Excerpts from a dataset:
=====
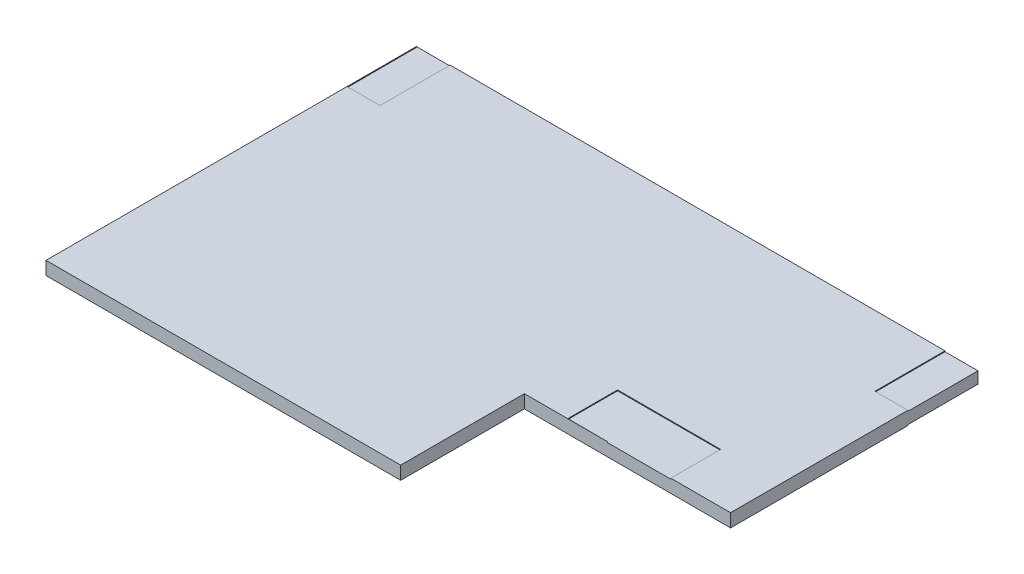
ISO-10303-21;
HEADER;
FILE_DESCRIPTION(('STEP AP214'),'2;1');
FILE_NAME('part.step','',(''),(''),'','','');
FILE_SCHEMA(('AUTOMOTIVE_DESIGN { 1 0 10303 214 1 1 1 1 }'));
ENDSEC;
DATA;
#1=APPLICATION_CONTEXT('core data for automotive mechanical design processes');
#2=APPLICATION_PROTOCOL_DEFINITION('international standard','automotive_design',2000,#1);
#3=PRODUCT_CONTEXT('',#1,'mechanical');
#4=PRODUCT('Part','Part','',(#3));
#5=PRODUCT_RELATED_PRODUCT_CATEGORY('part','',(#4));
#6=PRODUCT_DEFINITION_FORMATION('','',#4);
#7=PRODUCT_DEFINITION_CONTEXT('part definition',#1,'design');
#8=PRODUCT_DEFINITION('design','',#6,#7);
#9=PRODUCT_DEFINITION_SHAPE('','',#8);
#10=(LENGTH_UNIT() NAMED_UNIT(*) SI_UNIT(.MILLI.,.METRE.));
#11=(NAMED_UNIT(*) PLANE_ANGLE_UNIT() SI_UNIT($,.RADIAN.));
#12=(NAMED_UNIT(*) SI_UNIT($,.STERADIAN.) SOLID_ANGLE_UNIT());
#13=UNCERTAINTY_MEASURE_WITH_UNIT(LENGTH_MEASURE(1.E-05),#10,'distance_accuracy_value','');
#14=(GEOMETRIC_REPRESENTATION_CONTEXT(3) GLOBAL_UNCERTAINTY_ASSIGNED_CONTEXT((#13)) GLOBAL_UNIT_ASSIGNED_CONTEXT((#10,
#11,#12)) REPRESENTATION_CONTEXT('',''));
#15=CARTESIAN_POINT('',(0.,0.,0.));
#16=DIRECTION('',(0.,0.,1.));
#17=DIRECTION('',(1.,0.,0.));
#18=AXIS2_PLACEMENT_3D('',#15,#16,#17);
#19=CARTESIAN_POINT('',(23.0110952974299,72.4022939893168,45.));
#20=DIRECTION('',(0.,-1.,0.));
#21=DIRECTION('',(0.,0.,-1.));
#22=AXIS2_PLACEMENT_3D('',#19,#20,#21);
#23=PLANE('',#22);
#24=DIRECTION('',(-1.,0.,0.));
#25=VECTOR('',#24,1.);
#26=CARTESIAN_POINT('',(23.0110952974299,72.4022939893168,0.));
#27=LINE('',#26,#25);
#28=CARTESIAN_POINT('',(87.0110899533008,72.4022939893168,0.));
#29=VERTEX_POINT('',#28);
#30=CARTESIAN_POINT('',(27.0110899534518,72.4022939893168,0.));
#31=VERTEX_POINT('',#30);
#32=EDGE_CURVE('E343',#29,#31,#27,.T.);
#33=ORIENTED_EDGE('',*,*,#32,.T.);
#34=DIRECTION('',(0.,0.,-1.));
#35=VECTOR('',#34,1.);
#36=CARTESIAN_POINT('',(27.0110899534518,72.4022939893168,8.50000000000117));
#37=LINE('',#36,#35);
#38=CARTESIAN_POINT('',(27.0110899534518,72.4022939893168,8.50000000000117));
#39=VERTEX_POINT('',#38);
#40=EDGE_CURVE('E255',#39,#31,#37,.T.);
#41=ORIENTED_EDGE('',*,*,#40,.F.);
#42=DIRECTION('',(1.,0.,0.));
#43=VECTOR('',#42,1.);
#44=CARTESIAN_POINT('',(27.0110899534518,72.4022939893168,8.50000000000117));
#45=LINE('',#44,#43);
#46=CARTESIAN_POINT('',(23.0298114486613,72.4022939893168,8.50000000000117));
#47=VERTEX_POINT('',#46);
#48=EDGE_CURVE('E252',#47,#39,#45,.T.);
#49=ORIENTED_EDGE('',*,*,#48,.F.);
#50=DIRECTION('',(0.00220189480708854,0.,0.999997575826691));
#51=VECTOR('',#50,1.);
#52=CARTESIAN_POINT('',(23.0298114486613,72.4022939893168,8.50000000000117));
#53=LINE('',#52,#51);
#54=CARTESIAN_POINT('',(23.0110952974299,72.4022939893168,0.));
#55=VERTEX_POINT('',#54);
#56=EDGE_CURVE('E244',#55,#47,#53,.T.);
#57=ORIENTED_EDGE('',*,*,#56,.F.);
#58=DIRECTION('',(0.,0.,-1.));
#59=VECTOR('',#58,1.);
#60=CARTESIAN_POINT('',(23.0110952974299,72.4022939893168,45.));
#61=LINE('',#60,#59);
#62=CARTESIAN_POINT('',(23.0110952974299,72.4022939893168,45.));
#63=VERTEX_POINT('',#62);
#64=EDGE_CURVE('E369',#63,#55,#61,.T.);
#65=ORIENTED_EDGE('',*,*,#64,.F.);
#66=DIRECTION('',(-1.,0.,0.));
#67=VECTOR('',#66,1.);
#68=CARTESIAN_POINT('',(23.0110952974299,72.4022939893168,45.));
#69=LINE('',#68,#67);
#70=CARTESIAN_POINT('',(66.0110952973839,72.4022939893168,45.));
#71=VERTEX_POINT('',#70);
#72=EDGE_CURVE('E355',#71,#63,#69,.T.);
#73=ORIENTED_EDGE('',*,*,#72,.F.);
#74=DIRECTION('',(0.,0.,1.));
#75=VECTOR('',#74,1.);
#76=CARTESIAN_POINT('',(66.0110952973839,72.4022939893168,64.));
#77=LINE('',#76,#75);
#78=CARTESIAN_POINT('',(66.0110952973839,72.4022939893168,30.));
#79=VERTEX_POINT('',#78);
#80=EDGE_CURVE('E322',#79,#71,#77,.T.);
#81=ORIENTED_EDGE('',*,*,#80,.F.);
#82=DIRECTION('',(-1.,0.,0.));
#83=VECTOR('',#82,1.);
#84=CARTESIAN_POINT('',(91.0110952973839,72.4022939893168,30.));
#85=LINE('',#84,#83);
#86=CARTESIAN_POINT('',(76.1055324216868,72.4022939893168,30.));
#87=VERTEX_POINT('',#86);
#88=EDGE_CURVE('E328',#87,#79,#85,.T.);
#89=ORIENTED_EDGE('',*,*,#88,.F.);
#90=DIRECTION('',(0.99994203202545,0.,0.0107671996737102));
#91=VECTOR('',#90,1.);
#92=CARTESIAN_POINT('',(83.7610899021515,72.4022939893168,30.08243369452));
#93=LINE('',#92,#91);
#94=CARTESIAN_POINT('',(71.2610899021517,72.4022939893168,29.9478358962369));
#95=VERTEX_POINT('',#94);
#96=EDGE_CURVE('E272',#95,#87,#93,.T.);
#97=ORIENTED_EDGE('',*,*,#96,.F.);
#98=DIRECTION('',(0.,0.,1.));
#99=VECTOR('',#98,1.);
#100=CARTESIAN_POINT('',(71.2610899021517,72.4022939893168,29.9478358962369));
#101=LINE('',#100,#99);
#102=CARTESIAN_POINT('',(71.2610899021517,72.4022939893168,23.9526071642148));
#103=VERTEX_POINT('',#102);
#104=EDGE_CURVE('E282',#103,#95,#101,.T.);
#105=ORIENTED_EDGE('',*,*,#104,.F.);
#106=DIRECTION('',(-1.,0.,0.));
#107=VECTOR('',#106,1.);
#108=CARTESIAN_POINT('',(83.7610899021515,72.4022939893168,23.9526071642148));
#109=LINE('',#108,#107);
#110=CARTESIAN_POINT('',(83.7610899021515,72.4022939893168,23.9526071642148));
#111=VERTEX_POINT('',#110);
#112=EDGE_CURVE('E279',#111,#103,#109,.T.);
#113=ORIENTED_EDGE('',*,*,#112,.F.);
#114=DIRECTION('',(0.,0.,-1.));
#115=VECTOR('',#114,1.);
#116=CARTESIAN_POINT('',(83.7610899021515,72.4022939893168,30.08243369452));
#117=LINE('',#116,#115);
#118=CARTESIAN_POINT('',(83.7610899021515,72.4022939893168,30.));
#119=VERTEX_POINT('',#118);
#120=EDGE_CURVE('E277',#119,#111,#117,.T.);
#121=ORIENTED_EDGE('',*,*,#120,.F.);
#122=CARTESIAN_POINT('',(91.0110952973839,72.4022939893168,30.));
#123=VERTEX_POINT('',#122);
#124=EDGE_CURVE('E329',#123,#119,#85,.T.);
#125=ORIENTED_EDGE('',*,*,#124,.F.);
#126=DIRECTION('',(0.,0.,-1.));
#127=VECTOR('',#126,1.);
#128=CARTESIAN_POINT('',(91.0110952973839,72.4022939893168,45.));
#129=LINE('',#128,#127);
#130=CARTESIAN_POINT('',(91.0110952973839,72.4022939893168,8.50000000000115));
#131=VERTEX_POINT('',#130);
#132=EDGE_CURVE('E362',#123,#131,#129,.T.);
#133=ORIENTED_EDGE('',*,*,#132,.T.);
#134=DIRECTION('',(1.,0.,0.));
#135=VECTOR('',#134,1.);
#136=CARTESIAN_POINT('',(91.0110952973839,72.4022939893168,8.50000000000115));
#137=LINE('',#136,#135);
#138=CARTESIAN_POINT('',(87.0110899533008,72.4022939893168,8.50000000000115));
#139=VERTEX_POINT('',#138);
#140=EDGE_CURVE('E305',#139,#131,#137,.T.);
#141=ORIENTED_EDGE('',*,*,#140,.F.);
#142=DIRECTION('',(0.,0.,1.));
#143=VECTOR('',#142,1.);
#144=CARTESIAN_POINT('',(87.0110899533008,72.4022939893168,8.50000000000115));
#145=LINE('',#144,#143);
#146=EDGE_CURVE('E298',#29,#139,#145,.T.);
#147=ORIENTED_EDGE('',*,*,#146,.F.);
#148=EDGE_LOOP('',(#33,#41,#49,#57,#65,#73,#81,#89,#97,#105,#113,#121,#125,#133,#141,#147));
#149=FACE_BOUND('',#148,.T.);
#150=ADVANCED_FACE('F34',(#149),#23,.F.);
#151=CARTESIAN_POINT('',(23.0110952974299,70.8022939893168,45.));
#152=DIRECTION('',(1.,0.,0.));
#153=DIRECTION('',(0.,0.,-1.));
#154=AXIS2_PLACEMENT_3D('',#151,#152,#153);
#155=PLANE('',#154);
#156=DIRECTION('',(0.,-1.,0.));
#157=VECTOR('',#156,1.);
#158=CARTESIAN_POINT('',(23.0110952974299,70.8022939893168,0.));
#159=LINE('',#158,#157);
#160=CARTESIAN_POINT('',(23.0110952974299,72.3022939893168,0.));
#161=VERTEX_POINT('',#160);
#162=EDGE_CURVE('E347',#55,#161,#159,.T.);
#163=ORIENTED_EDGE('',*,*,#162,.T.);
#164=CARTESIAN_POINT('',(23.0110952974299,70.9022939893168,0.));
#165=VERTEX_POINT('',#164);
#166=EDGE_CURVE('E346',#161,#165,#159,.T.);
#167=ORIENTED_EDGE('',*,*,#166,.T.);
#168=DIRECTION('',(0.,-1.,0.));
#169=VECTOR('',#168,1.);
#170=CARTESIAN_POINT('',(23.0110952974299,70.9022939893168,0.));
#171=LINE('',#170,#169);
=====
• TASK DIRECTIONS:
Will you return exactly the lines above from the one with "#127=VECTOR('',#126,1.);" down to the one with "#153=DIRECTION('',(0.,0.,-1.));", counting both as part of the range?

• ANSWER TO THIS TASK:
#127=VECTOR('',#126,1.);
#128=CARTESIAN_POINT('',(91.0110952973839,72.4022939893168,45.));
#129=LINE('',#128,#127);
#130=CARTESIAN_POINT('',(91.0110952973839,72.4022939893168,8.50000000000115));
#131=VERTEX_POINT('',#130);
#132=EDGE_CURVE('E362',#123,#131,#129,.T.);
#133=ORIENTED_EDGE('',*,*,#132,.T.);
#134=DIRECTION('',(1.,0.,0.));
#135=VECTOR('',#134,1.);
#136=CARTESIAN_POINT('',(91.0110952973839,72.4022939893168,8.50000000000115));
#137=LINE('',#136,#135);
#138=CARTESIAN_POINT('',(87.0110899533008,72.4022939893168,8.50000000000115));
#139=VERTEX_POINT('',#138);
#140=EDGE_CURVE('E305',#139,#131,#137,.T.);
#141=ORIENTED_EDGE('',*,*,#140,.F.);
#142=DIRECTION('',(0.,0.,1.));
#143=VECTOR('',#142,1.);
#144=CARTESIAN_POINT('',(87.0110899533008,72.4022939893168,8.50000000000115));
#145=LINE('',#144,#143);
#146=EDGE_CURVE('E298',#29,#139,#145,.T.);
#147=ORIENTED_EDGE('',*,*,#146,.F.);
#148=EDGE_LOOP('',(#33,#41,#49,#57,#65,#73,#81,#89,#97,#105,#113,#121,#125,#133,#141,#147));
#149=FACE_BOUND('',#148,.T.);
#150=ADVANCED_FACE('F34',(#149),#23,.F.);
#151=CARTESIAN_POINT('',(23.0110952974299,70.8022939893168,45.));
#152=DIRECTION('',(1.,0.,0.));
#153=DIRECTION('',(0.,0.,-1.));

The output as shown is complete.